Sylvia Pinel, la ministre de l'Artisanat et du Commerce, a dû mettre de l'eau dans son vin.

Sylvia Pinel, la ministre de l'Artisanat et du Commerce, a dû mettre de l'eau dans son vin. - -

Le projet de loi Pinel sur l'artisanat et les PME qui arrive à l'Assemblée ce 12 février contient des dispositions concernant les auto-entrepreneurs. Après les polémiques de l'hiver, le gouvernement a finalement décidé de fusionner leur régime avec celui de la micro-entreprise.

Les auto-entrepreneurs devraient être soulagés. Le projet de loi sur l'artisanat, le commerce et les très petites entreprises défendu à partir de ce 12 février à l'Assemblée par Sylvia Pinel, la ministre en charge de ces sujets, ne remet pas en cause leur existence comme elle le souhaitait initialement pour satisfaire les artisans. Elle voulait en particulier limiter leur régime dans le temps et instaurer des seuils contraignants de chiffre d'affaires.

Mais après la grogne des auto-entrepreneurs, cet hiver, le gouvernement a voulu jouer l'apaisement.
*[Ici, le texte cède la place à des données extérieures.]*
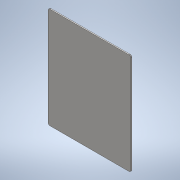
# Autodesk Inventor part: Sheet
Saved by Autodesk Inventor 2022 (Build 260153000, 153)
## iProperties
Created: 2024-10-27
Part Number: Sheet
Material: Stal, galwanizowana
Document SubType Name: Sheet Metal
Designer: NANOmatic
Density: 7.85 g/cm^3
Sheet Metal Rule: Domyślny_mm
Appearance: Galwanizowana
Author: NANOmatic
Autodesk Inventor part; units mm, degrees
ref_plane "YZ Plane" through (0, 0, 0) normal (1, 0, 0) x (0, 1, 0)
ref_plane "XZ Plane" through (0, 0, 0) normal (0, 1, 0) x (-1, 0, 0)
ref_plane "XY Plane" through (0, 0, 0) normal (0, 0, 1) x (1, 0, 0)
sketch "Szkic1" plane through (0, 0, 0) normal (0, 0, 1) x (1, 0, 0)
  line L0 (-120.5, 153.5) -> (120.5, 153.5)
  line L1 (125.5, 148.5) -> (125.5, -148.5)
  line L2 (120.5, -153.5) -> (-120.5, -153.5)
  line L3 (-125.5, -148.5) -> (-125.5, 148.5)
  line L4 (-125.5, 153.5) -> (125.5, -153.5) construction
  line L5 (125.5, 153.5) -> (-125.5, -153.5) construction
  arc A0 (-120.5, 153.5) -> (-125.5, 148.5) centre (-120.5, 148.5) ccw
  arc A1 (125.5, 148.5) -> (120.5, 153.5) centre (120.5, 148.5) ccw
  arc A2 (120.5, -153.5) -> (125.5, -148.5) centre (120.5, -148.5) ccw
  arc A3 (-125.5, -148.5) -> (-120.5, -153.5) centre (-120.5, -148.5) ccw
  point P0 (0, 0)
  dimension "d0" = 251
  dimension "d1" = 307
  dimension "d2" = 5
  measures "d0" distance of L4.end L5.end
  measures "d1" distance of L5.start L4.end
  measures "d2" radius of A0
extrude "Płyta1" add sketch "Szkic1" against normal blind 3
equation "\"d3\" = Grubość"
equation "\"PromieńGięcia\" = Grubość"
equation "\"SzerokośćGięciaPodcięcia\" = Grubość"
equation "\"GłębokośćGięciaPodcięcia\" = 0.5 * Grubość"
equation "\"RozmiarPodcięciaNarożnika\" = 4 * Grubość"
equation "\"MinimalnaPozostałość\" = 2 * Grubość"
equation "\"PromieńPrzejścia\" = PromieńGięcia"
equation "\"Rozmiar_promienia_Jacobiego\" = PromieńGięcia"
equation "\"Wielk_odstępu\" = Grubość"
equation "\"Grubość\" = 3"
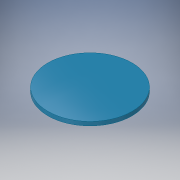
# Autodesk Inventor part: stamp_circular_hand
Saved by Autodesk Inventor 2019 (Build 230136000, 136)
## iProperties
Created: 2019-02-20
Part Number: stamp_circular_hand
Material: PET Plastic
Document SubType Name: Modeling
Designer: jmc
Density: 1.541 g/cm^3
Appearance: Sky Blue Dark
Author: jmc
## iProperties of the stored document stamp_circular_hand_3DPrint.ipt
Created: 2019-02-20
Part Number: stamp_circular_hand_3DPrint
Material: Generic
Document SubType Name: Modeling
Designer: jmc
Density: 1 g/cm^3
Appearance: Default
Author: jmc
Autodesk Inventor part; units mm, degrees
ref_plane "YZ Plane" through (0, 0, 0) normal (1, 0, 0) x (0, 1, 0)
ref_plane "XZ Plane" through (0, 0, 0) normal (0, 1, 0) x (-1, 0, 0)
sketch "Sketch1" plane through (0, 0, 0) normal (0, 1, 0) x (-1, 0, 0)
  circle A0 centre (0, 0) radius 14.91
  dimension "d0" = 29.82
  constraints: 1 centre point, 1 coincident
  measures "d0" diameter of A0
extrude "Extrusion1" add sketch "Sketch1" against normal blind 1.4
ref_plane "Work Plane1" through (0, -1.4, 0) normal (0, 1, 0) x (-1, 0, 0)
sketch "Sketch2" plane through (0, -1.4, 0) normal (0, 1, 0) x (-1, 0, 0)
  line L0 (7.6891, 7.5378) -> (7.6891, -7.5378) construction
  line L1 (7.6891, -7.5378) -> (-7.6891, -7.5378) construction
  line L2 (-7.6891, -7.5378) -> (-7.6891, 7.5378) construction
  line L3 (-7.6891, 7.5378) -> (7.6891, 7.5378) construction
  circle A0 centre (0, 0) radius 14.91 construction
  line L4 (0, 14.91) -> (0, -14.91) construction
  line L5 (-14.91, 0) -> (14.91, 0) construction
  circle A1 centre (0, 0) radius 12.393
  circle A2 centre (0, 0) radius 11.993
  spline S0 degree 2 poles (0, -7.0107) (-2.9061, -7.0107) (-7.0107, -2.9061) (-7.0107, 0) knots 0 0 0 1 2 2 2
  spline S1 degree 2 poles (-7.0107, 0) (-7.0107, 2.9061) (-2.9061, 7.0107) (0, 7.0107) knots 0 0 0 1 2 2 2
  spline S2 degree 2 poles (0, 7.0107) (2.9061, 7.0107) (7.0107, 2.9061) (7.0107, 0) knots 0 0 0 1 2 2 2
  spline S3 degree 2 poles (7.0107, 0) (7.0107, -2.9061) (2.9061, -7.0107) (0, -7.0107) knots 0 0 0 1 2 2 2
  line L6 (4.4341, 3.4454) -> (-3.4454, -4.4341)
  spline S4 degree 2 poles (-3.4454, -4.4341) (-1.8475, -5.6125) (0.01, -5.6125) knots 0 0 0 1 1 1
  spline S5 degree 2 poles (0.01, -5.6125) (2.3369, -5.6125) (5.6125, -2.3369) (5.6125, -0.01) knots 0 0 0 1 2 2 2
  spline S6 degree 2 poles (5.6125, -0.01) (5.6125, 1.8376) (4.4341, 3.4454) knots 0 0 0 1 1 1
  line L7 (-4.4341, -3.4454) -> (3.4454, 4.4341)
  spline S7 degree 2 poles (3.4454, 4.4341) (1.8375, 5.6125) (0, 5.6125) knots 0 0 0 1 1 1
  spline S8 degree 2 poles (0, 5.6125) (-2.3269, 5.6125) (-5.6125, 2.3269) (-5.6125, 0.01) knots 0 0 0 1 2 2 2
  spline S9 degree 2 poles (-5.6125, 0.01) (-5.6125, -1.8875) (-4.4341, -3.4454) knots 0 0 0 1 1 1
  dimension "d5" = 29.82
  dimension "d6" = 15.0756
  dimension "d7" = 15.3782
  dimension "d8" = 7.3722
  dimension "d9" = 7.2209
  dimension "d10" = 0.4
  constraints: 4 end point, 4 point on circle, 2 centre point, 1 perpendicular, 1 vertical, 2 other
  measures "d5" diameter of A0
  measures "d6" distance of L1.end L2.end
  measures "d7" distance of L0.end L1.end
  measures "d8" distance from line of L4.start L3
  measures "d9" distance from line of L5.start L2
  measures "d10" radial gap between concentric circles of A1 A2
extrude "Extrusion2" add sketch "Sketch2" against normal blind 0.4
equation "\"d8\" = 0.5 * d5 - 0.5 * d6"
equation "\"d9\" = 0.5 * d5 - 0.5 * d7"
body "Solid1"

Il a nommé un médiateur, le député PS Laurent Grandguillaume, qui a proposé pour s'en sortir de fusionner le régime de l'auto-entreprise avec celui de la micro-entreprise. Une solution retenue par Matignon à la satisfaction des représentants des auto-entrepreneurs, comme Aurélien Sallé, responsable de leur Coordination nationale, qui le reconnaissait ce mercredi 12 février sur BFMBusiness.

Nouvelles taxes

En pratique, le projet de loi prévoit une fusion du statut de l'auto-entreprise avec celui de la micro-entreprise : ce dernier permet en particulier de calculer l'impôt et les cotisations sociales en pourcentage du chiffre d'affaires. Ce qui devrait être bénéfique pour les nouveaux entrepreneurs. Ils pourront également bénéficier des cotisations sociales minimales pour la retraite et la santé.

Le nouveau statut concernera les travailleurs indépendants à faible chiffre d'affaires, soit 36.900 euros pour les artsians et professions libérales, et 81.000 euros pour les commerçants. Soit

En revanche, pour satisfaire les artisans, les auto-entrepreneurs devront justifier de leur qualification professionnelle lors de leur immatriculation au Registre du commerce ou au Répertoire des métiers. Et ils devront posséder une assurance professionnelle, comme les artisans, pour protéger leurs clients.

Surtout, ils seront soumis à la Cotisation foncière des entreprises (CFE), qui a remplacé la taxe professionnelle. Ce point risque de soulever la grogne des auto-entrepreneurs. D'autant que même le Medef affirme désormais qu'elle pénalise l'ensemble des entreprises.